Every line with "insert" in it should be copied from the data.
======== EXERCISE INPUTS ========
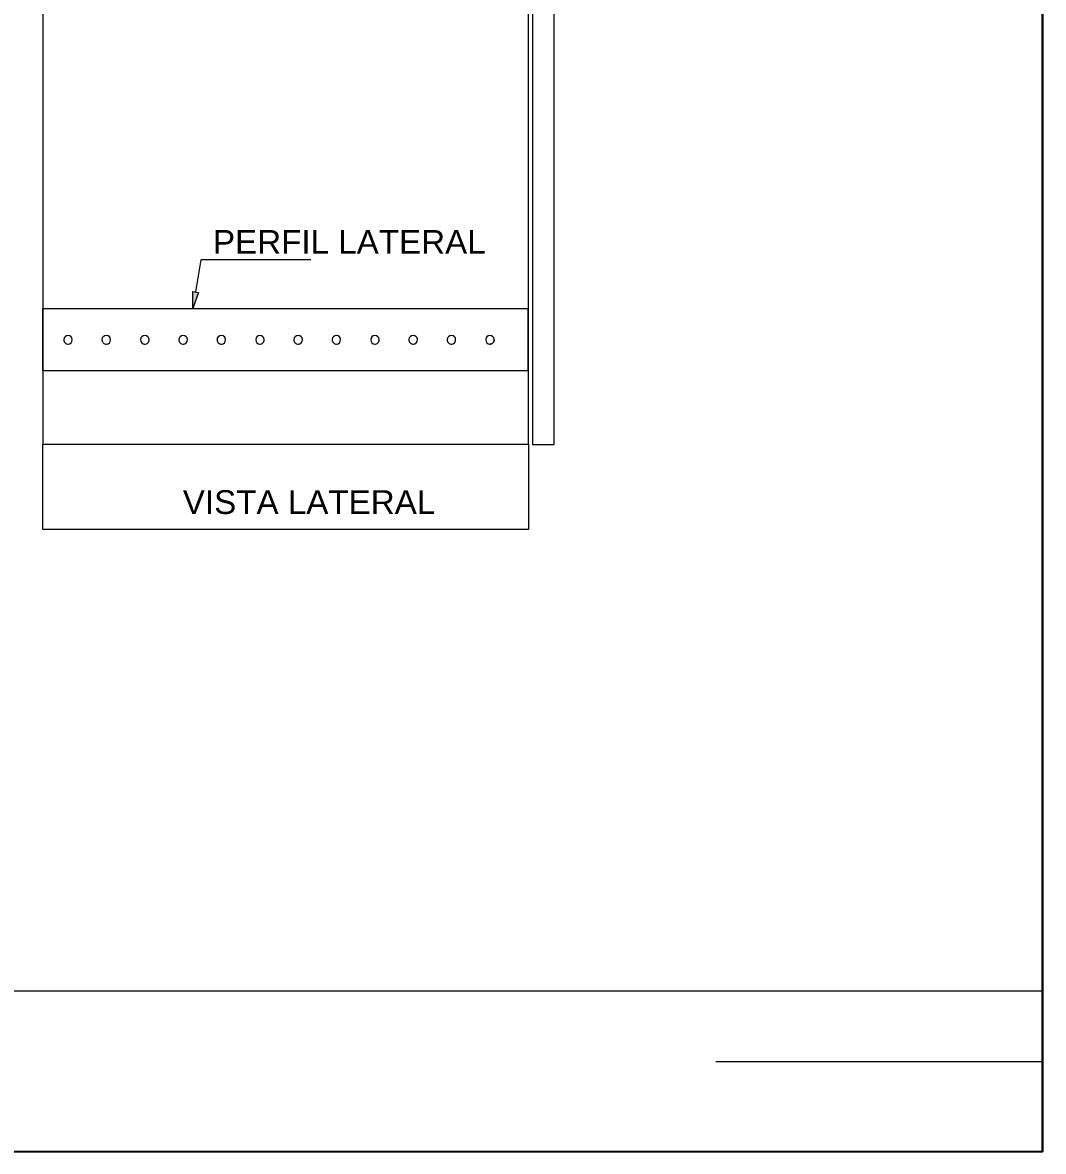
# Model space of a CAD drawing. Header units: millimetres. Extents: x 1004 to 59588, y 686 to 38112.
# Drawn here: x 18243 to 19438, y 10511 to 11833 of the extents above; entities that cross this region are included whole.
import ezdxf

# ---------------------------------------------------------------- set-up
doc = ezdxf.new("R2010")
doc.units = ezdxf.units.MM
for name, color, linetype in [('PDF4_Geometry', 7, 'Continuous'), ('PDF4_Solid Fills', 7, 'Continuous'), ('PDF4_Text', 7, 'Continuous')]:
    doc.layers.add(name, color=color, linetype=linetype)
doc.styles.add('PDF Arial', font='arial.ttf')

msp = doc.modelspace()

# ---------------------------------------------------------------- linework, layer by layer
at = {"layer": 'PDF4_Geometry', "lineweight": 25}
for points in [[(19437.16, 13317.07), (15354.22, 13317.07), (15354.22, 10510.6), (19437.16, 10510.6)], [(19437.16, 10510.6), (19437.16, 13317.07)]]:
    msp.add_lwpolyline(points, close=True, dxfattribs=at)
at = {"layer": 'PDF4_Geometry', "lineweight": 0}
for points in [[(18835.4, 13234.71), (18266.58, 13234.71), (18266.58, 11339.42), (18835.4, 11339.42)], [(18865.4, 13234.71), (18840.11, 13234.71), (18840.11, 11338.83), (18865.4, 11338.83)], [(18448.93, 11517.07), (18442.46, 11498.24), (18442.46, 11518.24)], [(18266.58, 11425.3), (18266.58, 11498.24), (18834.81, 11498.24), (18834.81, 11425.3)], [(18835.4, 11239.42), (18266.58, 11239.42), (18266.58, 11339.42), (18835.4, 11339.42)]]:
    msp.add_lwpolyline(points, close=True, dxfattribs=at)
msp.add_lwpolyline([(18580.69, 11555.3), (18451.87, 11555.3), (18445.4, 11517.65)], dxfattribs=at)
msp.add_lwpolyline([(18790.11, 11456.48, 0.4166667), (18795.4, 11461.77, -0.4166667)], format="xyb", close=True, dxfattribs=at)
at = {"layer": 'PDF4_Geometry', "lineweight": 9}
for points in [[(15354.22, 10698.83), (19438.34, 10698.83)], [(19054.81, 10615.89), (19436.58, 10615.89)]]:
    msp.add_lwpolyline(points, dxfattribs=at)
at = {"layer": 'PDF4_Geometry', "lineweight": 25}
msp.add_lwpolyline([(15354.22, 10510.6), (19437.16, 10510.6)], dxfattribs=at)
msp.add_lwpolyline([(15354.22, 10510.6), (19437.16, 10510.6)], dxfattribs=at)
at = {"layer": 'PDF4_Geometry', "lineweight": 0}
for centre, start, end in [((18296.55, 11461.75), 179.76027, 270.23973), ((18341.26, 11461.75), 179.76027, 270.23973), ((18386.01, 11461.75), 269.76027, 0.23973), ((18431.26, 11461.75), 179.76027, 270.23973), ((18475.97, 11461.75), 179.76027, 270.23973), ((18520.72, 11461.75), 269.76027, 0.23973), ((18565.97, 11461.75), 179.76027, 270.23973), ((18610.67, 11461.75), 179.76027, 270.23973), ((18655.42, 11461.75), 269.76027, 0.23973), ((18700.67, 11461.75), 179.76027, 270.23973), ((18745.38, 11461.75), 179.76027, 270.23973)]:
    msp.add_arc(centre, 5.27, start, end, dxfattribs=at)
for points in [[(18296.58, 11466.48), (18293.63, 11466.48), (18291.28, 11464.71), (18291.28, 11461.77)], [(18301.28, 11461.77), (18301.28, 11464.71), (18298.93, 11466.48), (18296.58, 11466.48)], [(18296.58, 11456.48), (18298.93, 11456.48), (18301.28, 11458.83), (18301.28, 11461.77)], [(18341.28, 11466.48), (18338.34, 11466.48), (18335.99, 11464.71), (18335.99, 11461.77)], [(18345.99, 11461.77), (18345.99, 11464.71), (18344.22, 11466.48), (18341.28, 11466.48)], [(18341.28, 11456.48), (18344.22, 11456.48), (18345.99, 11458.83), (18345.99, 11461.77)], [(18385.99, 11466.48), (18383.63, 11466.48), (18381.28, 11464.71), (18381.28, 11461.77)], [(18381.28, 11461.77), (18381.28, 11458.83), (18383.63, 11456.48), (18385.99, 11456.48)], [(18391.28, 11461.77), (18391.28, 11464.71), (18388.93, 11466.48), (18385.99, 11466.48)], [(18431.28, 11466.48), (18428.34, 11466.48), (18425.99, 11464.71), (18425.99, 11461.77)], [(18435.99, 11461.77), (18435.99, 11464.71), (18433.63, 11466.48), (18431.28, 11466.48)], [(18431.28, 11456.48), (18433.63, 11456.48), (18435.99, 11458.83), (18435.99, 11461.77)], [(18475.99, 11466.48), (18473.05, 11466.48), (18470.69, 11464.71), (18470.69, 11461.77)], [(18480.69, 11461.77), (18480.69, 11464.71), (18478.93, 11466.48), (18475.99, 11466.48)], [(18475.99, 11456.48), (18478.93, 11456.48), (18480.69, 11458.83), (18480.69, 11461.77)], [(18520.69, 11466.48), (18518.34, 11466.48), (18515.99, 11464.71), (18515.99, 11461.77)], [(18515.99, 11461.77), (18515.99, 11458.83), (18518.34, 11456.48), (18520.69, 11456.48)], [(18525.99, 11461.77), (18525.99, 11464.71), (18523.63, 11466.48), (18520.69, 11466.48)], [(18565.99, 11466.48), (18563.05, 11466.48), (18560.69, 11464.71), (18560.69, 11461.77)], [(18570.69, 11461.77), (18570.69, 11464.71), (18568.34, 11466.48), (18565.99, 11466.48)], [(18565.99, 11456.48), (18568.34, 11456.48), (18570.69, 11458.83), (18570.69, 11461.77)], [(18610.69, 11466.48), (18607.75, 11466.48), (18605.4, 11464.71), (18605.4, 11461.77)], [(18615.4, 11461.77), (18615.4, 11464.71), (18613.63, 11466.48), (18610.69, 11466.48)], [(18610.69, 11456.48), (18613.63, 11456.48), (18615.4, 11458.83), (18615.4, 11461.77)], [(18655.4, 11466.48), (18653.05, 11466.48), (18650.69, 11464.71), (18650.69, 11461.77)], [(18650.69, 11461.77), (18650.69, 11458.83), (18653.05, 11456.48), (18655.4, 11456.48)], [(18660.69, 11461.77), (18660.69, 11464.71), (18658.34, 11466.48), (18655.4, 11466.48)], [(18700.69, 11466.48), (18697.75, 11466.48), (18695.4, 11464.71), (18695.4, 11461.77)], [(18705.4, 11461.77), (18705.4, 11464.71), (18703.05, 11466.48), (18700.69, 11466.48)], [(18700.69, 11456.48), (18703.05, 11456.48), (18705.4, 11458.83), (18705.4, 11461.77)], [(18745.4, 11466.48), (18742.46, 11466.48), (18740.11, 11464.71), (18740.11, 11461.77)], [(18750.11, 11461.77), (18750.11, 11464.71), (18748.34, 11466.48), (18745.4, 11466.48)], [(18745.4, 11456.48), (18748.34, 11456.48), (18750.11, 11458.83), (18750.11, 11461.77)], [(18790.11, 11466.48), (18787.16, 11466.48), (18785.4, 11464.71), (18785.4, 11461.77)], [(18790.11, 11466.48), (18787.16, 11466.48), (18785.4, 11464.71), (18785.4, 11461.77)], [(18785.4, 11461.77), (18785.4, 11458.83), (18787.16, 11456.48), (18790.11, 11456.48)], [(18785.4, 11461.77), (18785.4, 11458.83), (18787.16, 11456.48), (18790.11, 11456.48)], [(18795.4, 11461.77), (18795.4, 11464.71), (18793.05, 11466.48), (18790.11, 11466.48)], [(18795.4, 11461.77), (18795.4, 11464.71), (18793.05, 11466.48), (18790.11, 11466.48)]]:
    msp.add_open_spline(points, degree=3, dxfattribs=at)
at = {"layer": 'PDF4_Solid Fills', "lineweight": 0, "transparency": 33554559}
msp.add_solid([(18448.93, 11517.07), (18442.46, 11498.24), (18442.46, 11518.24)], dxfattribs=at)

# ---------------------------------------------------------------- texts
at = {"layer": 'PDF4_Text', "char_height": 27.7907, "attachment_point": 7, "style": 'PDF Arial'}
for s, insert in [('PERFIL LATERAL', (18465.99, 11562.36)), ('VISTA LATERAL', (18430.68, 11257.14))]:
    msp.add_mtext(s, dxfattribs=dict(at, insert=insert))

doc.saveas('drawing.dxf')
========
EXERCISE RESPONSE:
for s, insert in [('PERFIL LATERAL', (18465.99, 11562.36)), ('VISTA LATERAL', (18430.68, 11257.14))]:
    msp.add_mtext(s, dxfattribs=dict(at, insert=insert))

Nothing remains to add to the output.